◆ **Data under study**

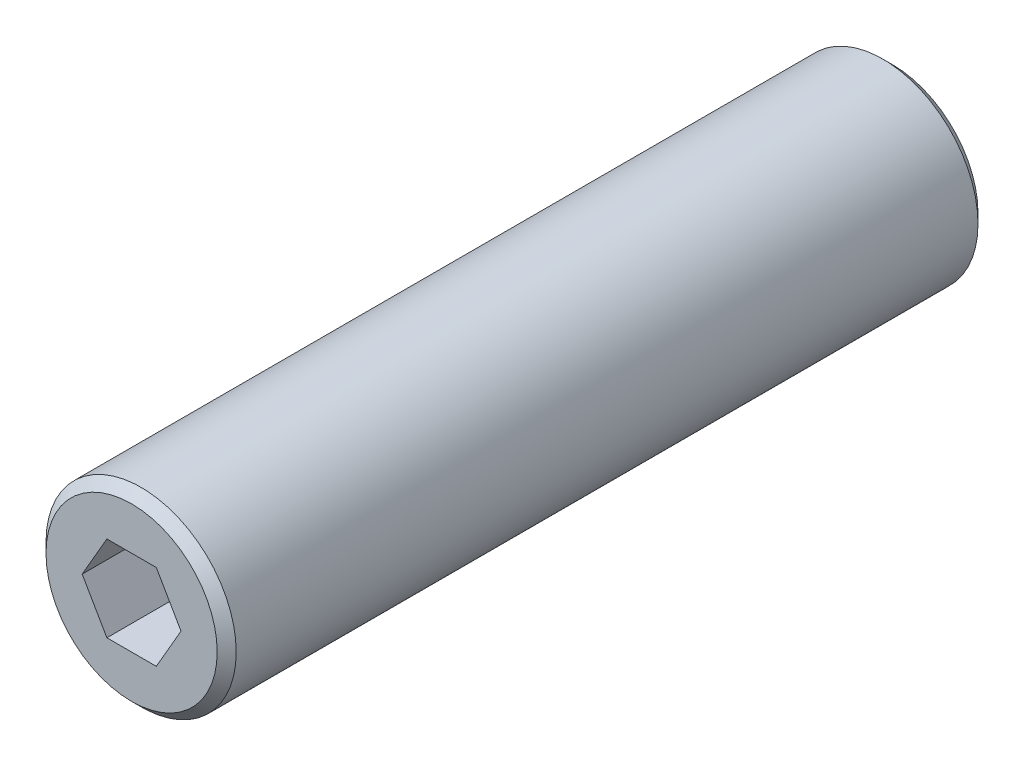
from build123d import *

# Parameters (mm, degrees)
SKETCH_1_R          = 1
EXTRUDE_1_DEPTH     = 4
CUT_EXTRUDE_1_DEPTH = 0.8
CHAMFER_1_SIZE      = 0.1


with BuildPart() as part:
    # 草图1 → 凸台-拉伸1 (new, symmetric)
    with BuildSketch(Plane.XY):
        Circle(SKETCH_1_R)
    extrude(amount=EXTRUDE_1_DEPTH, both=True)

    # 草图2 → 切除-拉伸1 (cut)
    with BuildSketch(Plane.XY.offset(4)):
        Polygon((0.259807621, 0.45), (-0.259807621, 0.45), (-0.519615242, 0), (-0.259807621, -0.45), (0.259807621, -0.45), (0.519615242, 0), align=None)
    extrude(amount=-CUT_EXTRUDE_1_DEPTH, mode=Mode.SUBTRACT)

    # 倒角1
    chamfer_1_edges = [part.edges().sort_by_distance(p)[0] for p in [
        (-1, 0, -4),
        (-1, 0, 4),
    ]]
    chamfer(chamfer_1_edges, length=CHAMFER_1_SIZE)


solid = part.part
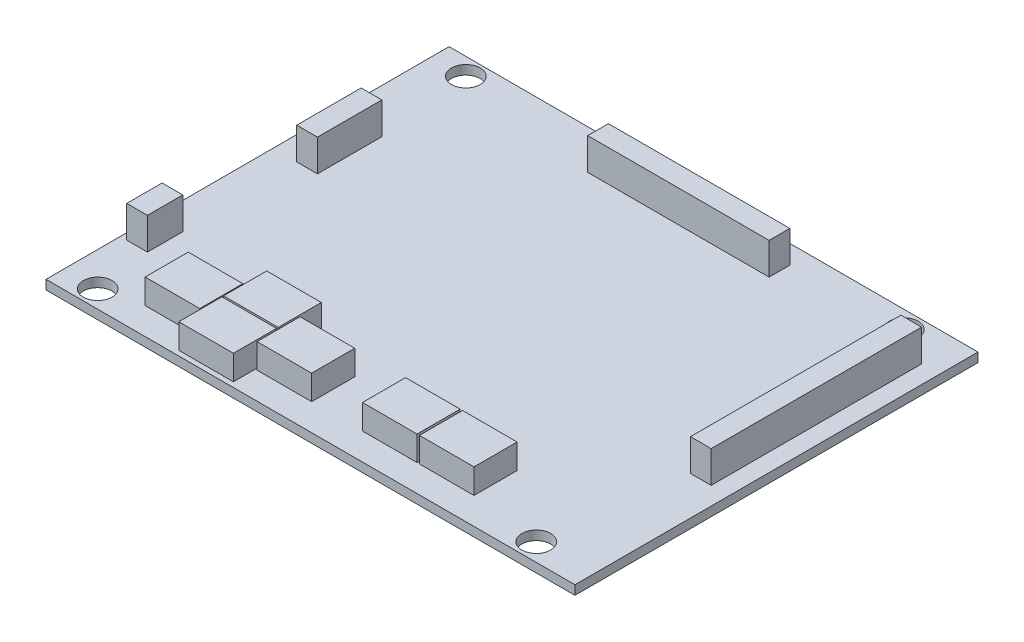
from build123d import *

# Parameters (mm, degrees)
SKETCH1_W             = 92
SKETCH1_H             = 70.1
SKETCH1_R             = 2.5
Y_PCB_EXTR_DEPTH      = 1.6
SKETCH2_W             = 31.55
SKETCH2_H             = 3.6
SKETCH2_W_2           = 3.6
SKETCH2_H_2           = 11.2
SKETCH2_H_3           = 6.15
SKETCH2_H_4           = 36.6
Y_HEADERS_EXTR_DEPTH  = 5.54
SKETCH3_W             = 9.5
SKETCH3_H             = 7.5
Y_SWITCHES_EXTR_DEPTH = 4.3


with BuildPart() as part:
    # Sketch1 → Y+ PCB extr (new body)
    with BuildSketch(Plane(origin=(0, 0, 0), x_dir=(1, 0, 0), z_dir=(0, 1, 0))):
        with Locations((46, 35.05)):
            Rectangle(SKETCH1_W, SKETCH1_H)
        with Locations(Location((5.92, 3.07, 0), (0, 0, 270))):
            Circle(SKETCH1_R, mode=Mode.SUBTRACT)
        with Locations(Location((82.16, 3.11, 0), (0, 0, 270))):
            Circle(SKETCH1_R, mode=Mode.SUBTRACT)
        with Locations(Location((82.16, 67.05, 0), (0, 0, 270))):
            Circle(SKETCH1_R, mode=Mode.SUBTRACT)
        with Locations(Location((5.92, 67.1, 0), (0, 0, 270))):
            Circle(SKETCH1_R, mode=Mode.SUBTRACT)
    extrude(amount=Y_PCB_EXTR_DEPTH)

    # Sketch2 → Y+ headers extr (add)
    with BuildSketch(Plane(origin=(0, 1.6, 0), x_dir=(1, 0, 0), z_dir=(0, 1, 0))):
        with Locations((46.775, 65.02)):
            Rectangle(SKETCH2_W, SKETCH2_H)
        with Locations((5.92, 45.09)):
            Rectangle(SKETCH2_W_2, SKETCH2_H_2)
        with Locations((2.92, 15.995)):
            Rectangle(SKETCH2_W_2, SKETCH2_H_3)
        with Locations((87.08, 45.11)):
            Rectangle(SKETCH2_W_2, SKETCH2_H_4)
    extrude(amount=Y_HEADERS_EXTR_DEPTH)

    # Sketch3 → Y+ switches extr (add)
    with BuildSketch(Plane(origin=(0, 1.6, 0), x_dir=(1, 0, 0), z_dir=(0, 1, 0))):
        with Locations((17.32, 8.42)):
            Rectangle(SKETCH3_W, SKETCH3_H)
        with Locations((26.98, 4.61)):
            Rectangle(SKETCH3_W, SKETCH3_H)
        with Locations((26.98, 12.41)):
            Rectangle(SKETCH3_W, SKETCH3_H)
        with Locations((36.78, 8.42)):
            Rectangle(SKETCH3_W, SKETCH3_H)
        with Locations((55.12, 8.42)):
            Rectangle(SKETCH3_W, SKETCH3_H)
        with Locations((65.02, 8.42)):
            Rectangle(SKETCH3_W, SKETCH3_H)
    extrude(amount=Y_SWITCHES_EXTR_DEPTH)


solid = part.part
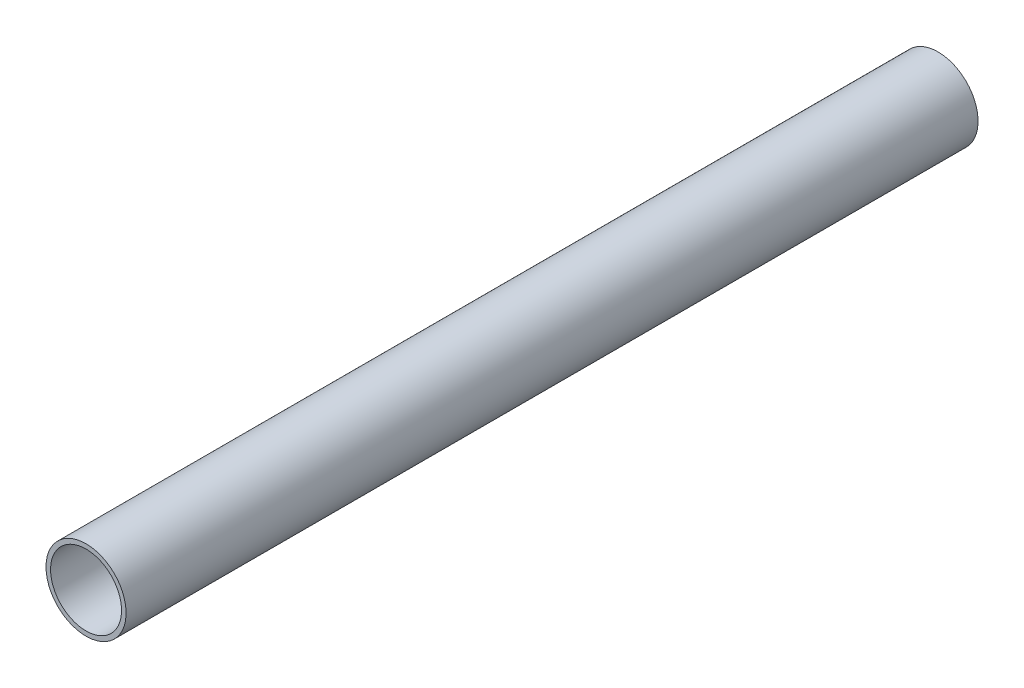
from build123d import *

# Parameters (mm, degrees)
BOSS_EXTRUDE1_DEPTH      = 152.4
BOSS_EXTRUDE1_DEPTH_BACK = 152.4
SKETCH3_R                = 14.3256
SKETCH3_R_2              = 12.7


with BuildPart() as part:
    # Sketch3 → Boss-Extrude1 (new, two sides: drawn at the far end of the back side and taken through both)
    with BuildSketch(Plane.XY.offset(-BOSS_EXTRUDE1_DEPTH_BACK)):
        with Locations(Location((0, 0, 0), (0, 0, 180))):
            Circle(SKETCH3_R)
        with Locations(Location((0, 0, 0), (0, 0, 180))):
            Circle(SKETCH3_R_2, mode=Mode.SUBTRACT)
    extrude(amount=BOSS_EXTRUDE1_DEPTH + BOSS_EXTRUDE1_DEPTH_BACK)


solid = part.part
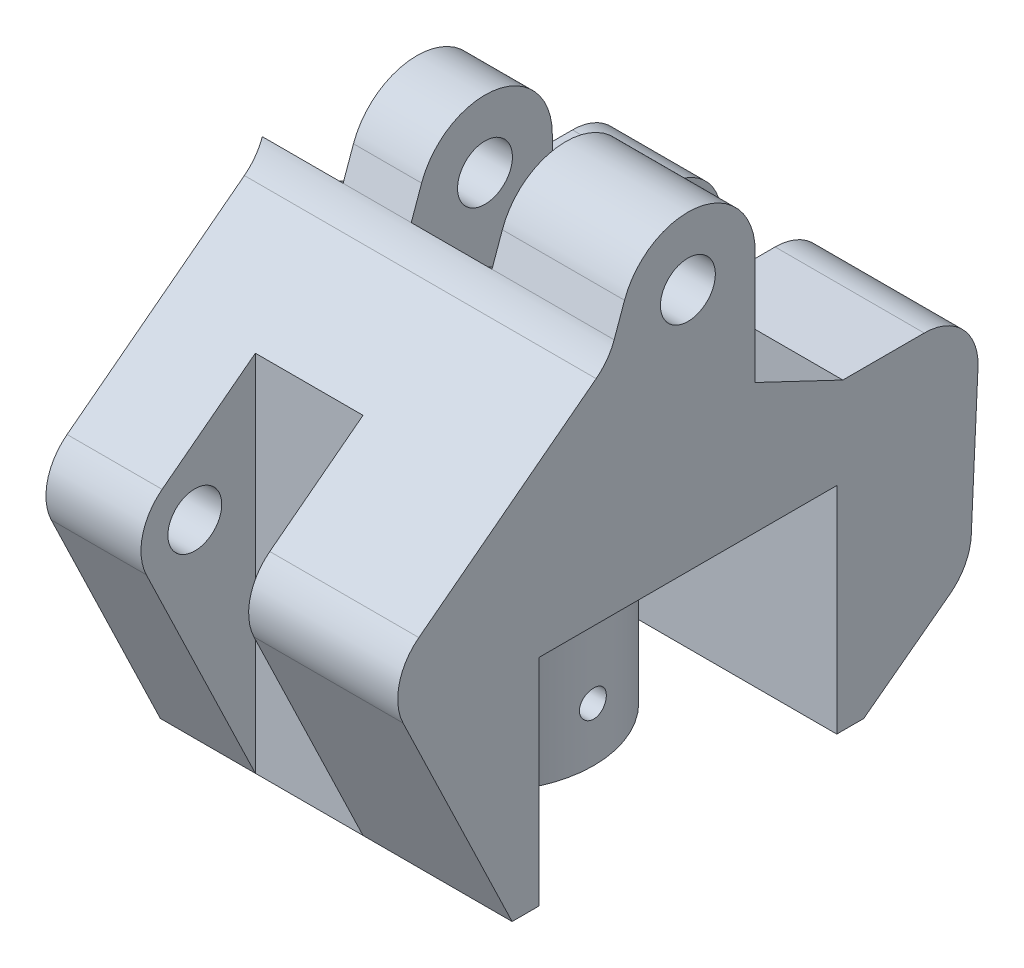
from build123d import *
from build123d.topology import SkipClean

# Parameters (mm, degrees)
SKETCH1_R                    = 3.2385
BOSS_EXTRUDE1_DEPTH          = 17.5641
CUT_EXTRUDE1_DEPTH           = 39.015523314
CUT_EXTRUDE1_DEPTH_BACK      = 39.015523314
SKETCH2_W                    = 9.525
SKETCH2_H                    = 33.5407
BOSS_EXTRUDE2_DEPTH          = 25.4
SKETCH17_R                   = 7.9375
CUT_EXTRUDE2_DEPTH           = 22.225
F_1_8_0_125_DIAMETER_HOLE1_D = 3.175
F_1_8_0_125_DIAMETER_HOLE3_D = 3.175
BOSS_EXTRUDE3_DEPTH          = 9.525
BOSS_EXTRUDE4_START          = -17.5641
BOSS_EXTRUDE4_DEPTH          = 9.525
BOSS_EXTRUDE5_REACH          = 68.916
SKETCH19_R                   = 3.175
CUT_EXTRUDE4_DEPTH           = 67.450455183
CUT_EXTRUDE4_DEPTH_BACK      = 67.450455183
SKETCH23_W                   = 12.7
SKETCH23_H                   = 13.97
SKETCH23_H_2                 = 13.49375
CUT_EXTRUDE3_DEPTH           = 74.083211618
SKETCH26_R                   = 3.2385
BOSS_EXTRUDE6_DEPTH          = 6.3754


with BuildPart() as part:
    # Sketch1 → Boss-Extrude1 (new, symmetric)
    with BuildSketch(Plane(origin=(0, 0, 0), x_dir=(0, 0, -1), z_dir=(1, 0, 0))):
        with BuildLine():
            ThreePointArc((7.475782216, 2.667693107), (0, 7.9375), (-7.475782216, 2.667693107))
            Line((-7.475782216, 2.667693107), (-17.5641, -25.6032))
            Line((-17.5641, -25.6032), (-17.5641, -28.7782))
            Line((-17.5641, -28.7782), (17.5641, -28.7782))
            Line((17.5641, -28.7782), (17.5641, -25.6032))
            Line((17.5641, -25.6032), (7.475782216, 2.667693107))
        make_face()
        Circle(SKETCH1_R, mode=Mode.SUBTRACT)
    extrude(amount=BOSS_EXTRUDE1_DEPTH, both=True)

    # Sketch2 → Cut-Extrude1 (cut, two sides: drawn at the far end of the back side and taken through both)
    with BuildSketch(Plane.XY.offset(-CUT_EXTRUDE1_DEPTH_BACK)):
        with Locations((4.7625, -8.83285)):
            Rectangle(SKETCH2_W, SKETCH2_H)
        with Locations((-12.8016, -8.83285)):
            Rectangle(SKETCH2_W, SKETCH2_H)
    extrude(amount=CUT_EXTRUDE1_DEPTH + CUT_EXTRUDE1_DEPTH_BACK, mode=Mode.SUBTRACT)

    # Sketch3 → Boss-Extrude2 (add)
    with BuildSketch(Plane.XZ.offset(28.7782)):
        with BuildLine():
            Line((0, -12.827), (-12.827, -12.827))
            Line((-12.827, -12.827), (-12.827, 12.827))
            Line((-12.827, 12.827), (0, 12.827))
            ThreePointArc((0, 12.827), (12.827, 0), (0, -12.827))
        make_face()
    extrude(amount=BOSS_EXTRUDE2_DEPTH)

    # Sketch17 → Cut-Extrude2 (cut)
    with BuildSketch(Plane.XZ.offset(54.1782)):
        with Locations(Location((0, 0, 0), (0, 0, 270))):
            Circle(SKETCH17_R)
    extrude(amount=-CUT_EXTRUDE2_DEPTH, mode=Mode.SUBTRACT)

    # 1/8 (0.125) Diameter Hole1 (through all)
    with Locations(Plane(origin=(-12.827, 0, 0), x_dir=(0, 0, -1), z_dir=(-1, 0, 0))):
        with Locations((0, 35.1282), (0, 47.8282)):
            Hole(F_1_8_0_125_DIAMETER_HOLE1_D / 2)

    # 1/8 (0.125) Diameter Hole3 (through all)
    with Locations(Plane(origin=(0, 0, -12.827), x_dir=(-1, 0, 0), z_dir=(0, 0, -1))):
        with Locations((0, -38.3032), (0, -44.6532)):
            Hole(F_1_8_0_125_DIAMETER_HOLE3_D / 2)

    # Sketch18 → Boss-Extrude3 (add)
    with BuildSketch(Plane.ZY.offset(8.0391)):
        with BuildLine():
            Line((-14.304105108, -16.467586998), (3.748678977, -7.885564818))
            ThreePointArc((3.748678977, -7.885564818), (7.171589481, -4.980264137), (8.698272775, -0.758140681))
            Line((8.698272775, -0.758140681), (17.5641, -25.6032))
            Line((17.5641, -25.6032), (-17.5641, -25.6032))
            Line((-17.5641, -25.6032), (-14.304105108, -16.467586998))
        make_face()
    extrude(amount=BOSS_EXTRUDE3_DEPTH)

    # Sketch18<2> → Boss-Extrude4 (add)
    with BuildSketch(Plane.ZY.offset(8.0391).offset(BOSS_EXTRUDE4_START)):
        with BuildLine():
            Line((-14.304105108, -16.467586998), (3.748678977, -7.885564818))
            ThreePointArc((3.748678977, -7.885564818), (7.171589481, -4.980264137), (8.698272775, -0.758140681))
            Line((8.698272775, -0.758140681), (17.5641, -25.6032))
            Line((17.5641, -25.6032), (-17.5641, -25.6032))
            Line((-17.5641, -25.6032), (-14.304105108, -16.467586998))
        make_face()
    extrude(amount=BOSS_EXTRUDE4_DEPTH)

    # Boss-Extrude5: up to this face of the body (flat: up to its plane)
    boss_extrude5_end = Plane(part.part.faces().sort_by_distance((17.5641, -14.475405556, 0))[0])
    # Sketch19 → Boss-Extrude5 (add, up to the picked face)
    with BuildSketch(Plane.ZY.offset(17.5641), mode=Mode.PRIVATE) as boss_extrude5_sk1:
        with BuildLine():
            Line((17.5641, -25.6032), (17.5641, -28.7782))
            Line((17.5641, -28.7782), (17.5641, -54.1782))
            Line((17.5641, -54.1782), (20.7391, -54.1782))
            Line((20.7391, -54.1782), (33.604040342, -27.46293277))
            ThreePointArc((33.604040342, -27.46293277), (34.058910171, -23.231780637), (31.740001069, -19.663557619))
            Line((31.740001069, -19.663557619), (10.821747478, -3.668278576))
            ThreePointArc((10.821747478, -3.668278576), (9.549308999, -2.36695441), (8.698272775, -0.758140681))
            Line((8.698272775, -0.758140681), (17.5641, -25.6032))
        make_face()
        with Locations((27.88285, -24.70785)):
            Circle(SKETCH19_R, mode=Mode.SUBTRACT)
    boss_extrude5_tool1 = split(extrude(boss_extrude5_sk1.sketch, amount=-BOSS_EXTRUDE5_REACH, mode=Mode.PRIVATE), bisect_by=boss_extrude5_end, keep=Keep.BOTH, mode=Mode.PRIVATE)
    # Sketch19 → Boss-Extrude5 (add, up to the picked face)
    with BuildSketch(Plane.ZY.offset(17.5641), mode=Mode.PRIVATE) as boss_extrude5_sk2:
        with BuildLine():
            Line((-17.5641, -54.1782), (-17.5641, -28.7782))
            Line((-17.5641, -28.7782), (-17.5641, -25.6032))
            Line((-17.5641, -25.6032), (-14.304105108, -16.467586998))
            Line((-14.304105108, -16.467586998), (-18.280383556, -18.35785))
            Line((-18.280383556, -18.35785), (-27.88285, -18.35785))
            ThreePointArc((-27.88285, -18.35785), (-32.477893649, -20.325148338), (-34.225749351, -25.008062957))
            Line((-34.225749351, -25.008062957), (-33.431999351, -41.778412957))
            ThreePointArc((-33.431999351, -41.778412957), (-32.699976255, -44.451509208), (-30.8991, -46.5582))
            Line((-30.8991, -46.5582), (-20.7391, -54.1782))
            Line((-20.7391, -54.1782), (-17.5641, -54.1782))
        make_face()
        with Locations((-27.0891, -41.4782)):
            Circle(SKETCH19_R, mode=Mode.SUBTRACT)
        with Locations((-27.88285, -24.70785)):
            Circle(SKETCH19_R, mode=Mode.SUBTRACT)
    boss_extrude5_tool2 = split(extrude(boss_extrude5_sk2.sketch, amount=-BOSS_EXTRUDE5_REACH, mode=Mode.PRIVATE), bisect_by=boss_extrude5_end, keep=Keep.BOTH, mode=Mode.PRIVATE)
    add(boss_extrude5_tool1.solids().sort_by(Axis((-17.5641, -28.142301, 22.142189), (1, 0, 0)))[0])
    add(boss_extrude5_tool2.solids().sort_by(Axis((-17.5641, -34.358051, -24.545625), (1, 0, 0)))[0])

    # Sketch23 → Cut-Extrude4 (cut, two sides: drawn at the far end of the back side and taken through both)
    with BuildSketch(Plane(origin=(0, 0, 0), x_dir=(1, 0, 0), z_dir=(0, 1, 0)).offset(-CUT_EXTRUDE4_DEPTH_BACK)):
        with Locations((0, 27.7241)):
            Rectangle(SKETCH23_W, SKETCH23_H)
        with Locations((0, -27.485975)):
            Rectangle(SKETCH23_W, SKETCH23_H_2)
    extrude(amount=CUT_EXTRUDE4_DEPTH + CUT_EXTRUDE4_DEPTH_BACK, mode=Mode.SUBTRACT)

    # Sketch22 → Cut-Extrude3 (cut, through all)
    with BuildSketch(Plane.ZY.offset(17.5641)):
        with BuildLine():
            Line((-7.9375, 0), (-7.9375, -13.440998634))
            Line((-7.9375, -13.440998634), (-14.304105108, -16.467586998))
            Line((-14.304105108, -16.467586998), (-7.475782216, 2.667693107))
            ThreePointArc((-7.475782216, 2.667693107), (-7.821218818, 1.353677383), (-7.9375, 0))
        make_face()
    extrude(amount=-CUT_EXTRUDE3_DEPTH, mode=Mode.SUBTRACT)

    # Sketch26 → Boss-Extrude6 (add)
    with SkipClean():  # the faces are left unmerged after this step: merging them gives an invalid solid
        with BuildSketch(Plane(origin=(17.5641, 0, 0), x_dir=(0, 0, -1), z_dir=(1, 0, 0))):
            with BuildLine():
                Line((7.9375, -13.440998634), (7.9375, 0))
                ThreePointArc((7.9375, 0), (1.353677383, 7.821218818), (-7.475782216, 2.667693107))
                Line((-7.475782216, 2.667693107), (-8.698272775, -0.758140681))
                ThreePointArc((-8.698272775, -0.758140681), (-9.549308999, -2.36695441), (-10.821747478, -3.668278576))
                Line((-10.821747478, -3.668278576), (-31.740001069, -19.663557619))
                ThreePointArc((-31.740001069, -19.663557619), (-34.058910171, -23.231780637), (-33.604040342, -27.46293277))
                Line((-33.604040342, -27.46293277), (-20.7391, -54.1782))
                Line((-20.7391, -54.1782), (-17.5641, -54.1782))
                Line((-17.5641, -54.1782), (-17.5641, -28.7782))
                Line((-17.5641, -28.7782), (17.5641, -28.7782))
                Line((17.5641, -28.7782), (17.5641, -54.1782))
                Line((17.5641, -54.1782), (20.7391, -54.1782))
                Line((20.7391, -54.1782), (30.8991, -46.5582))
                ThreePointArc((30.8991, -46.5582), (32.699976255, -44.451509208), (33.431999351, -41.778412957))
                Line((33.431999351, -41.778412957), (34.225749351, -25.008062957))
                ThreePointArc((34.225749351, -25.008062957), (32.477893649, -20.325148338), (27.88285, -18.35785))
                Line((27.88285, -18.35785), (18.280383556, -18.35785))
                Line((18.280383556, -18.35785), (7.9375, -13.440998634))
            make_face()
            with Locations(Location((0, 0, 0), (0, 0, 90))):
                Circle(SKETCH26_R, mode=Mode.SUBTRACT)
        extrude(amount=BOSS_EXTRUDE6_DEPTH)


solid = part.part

◆ **Assignment**
Figure out how many lines of the data hold "faces", and answer with the number only.

◆ **Answer to this exercise**
2